▶ _ASSIGNMENT_
Give back the data below word for word. Any image in it should be left out.

*****

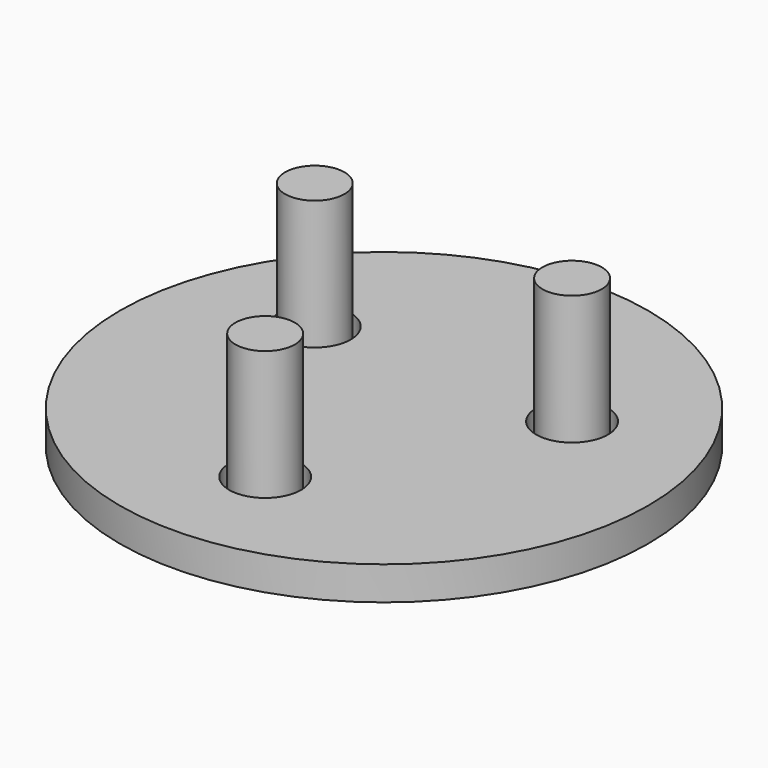
from build123d import *

# Parameters (mm, degrees)
F0_R     = 42.0452361361
F1_DEPTH = 5.334
F3_D     = 11.43
F2_R     = 4.7243980019
F4_DEPTH = 25.4


with BuildPart() as f1:
    # F0 (on Top) → F1 (new body)
    with BuildSketch(Plane.XY):
        Circle(F0_R)
    extrude(amount=F1_DEPTH)

    # F3 (through all)
    with Locations(Plane(origin=(0, 0, 0), x_dir=(1, 0, 0), z_dir=(0, 0, -1))):
        with Locations((-20.4800069598, -11.8241375312), (20.4800069598, -11.8241375312), (0, 23.6482750624)):
            Hole(F3_D / 2)


with BuildPart() as f4:
    # F2 (on Top) → F4 (new body)
    with BuildSketch(Plane.XY):
        with Locations((-20.4800069598, 11.8241375312)):
            Circle(F2_R)
    extrude(amount=F4_DEPTH)


with BuildPart() as f4b:
    # F2 (on Top) → F4, piece 2 (new body)
    with BuildSketch(Plane.XY):
        with Locations((20.4800069598, 11.8241375312)):
            Circle(F2_R)
    extrude(amount=F4_DEPTH)


with BuildPart() as f4c:
    # F2 (on Top) → F4, piece 3 (new body)
    with BuildSketch(Plane.XY):
        with Locations((0, -23.6482750624)):
            Circle(F2_R)
    extrude(amount=F4_DEPTH)


solid = Compound([f1.part, f4.part, f4b.part, f4c.part])

*****

▶ _RESULT_
from build123d import *

# Parameters (mm, degrees)
F0_R     = 42.0452361361
F1_DEPTH = 5.334
F3_D     = 11.43
F2_R     = 4.7243980019
F4_DEPTH = 25.4


with BuildPart() as f1:
    # F0 (on Top) → F1 (new body)
    with BuildSketch(Plane.XY):
        Circle(F0_R)
    extrude(amount=F1_DEPTH)

    # F3 (through all)
    with Locations(Plane(origin=(0, 0, 0), x_dir=(1, 0, 0), z_dir=(0, 0, -1))):
        with Locations((-20.4800069598, -11.8241375312), (20.4800069598, -11.8241375312), (0, 23.6482750624)):
            Hole(F3_D / 2)


with BuildPart() as f4:
    # F2 (on Top) → F4 (new body)
    with BuildSketch(Plane.XY):
        with Locations((-20.4800069598, 11.8241375312)):
            Circle(F2_R)
    extrude(amount=F4_DEPTH)


with BuildPart() as f4b:
    # F2 (on Top) → F4, piece 2 (new body)
    with BuildSketch(Plane.XY):
        with Locations((20.4800069598, 11.8241375312)):
            Circle(F2_R)
    extrude(amount=F4_DEPTH)


with BuildPart() as f4c:
    # F2 (on Top) → F4, piece 3 (new body)
    with BuildSketch(Plane.XY):
        with Locations((0, -23.6482750624)):
            Circle(F2_R)
    extrude(amount=F4_DEPTH)


solid = Compound([f1.part, f4.part, f4b.part, f4c.part])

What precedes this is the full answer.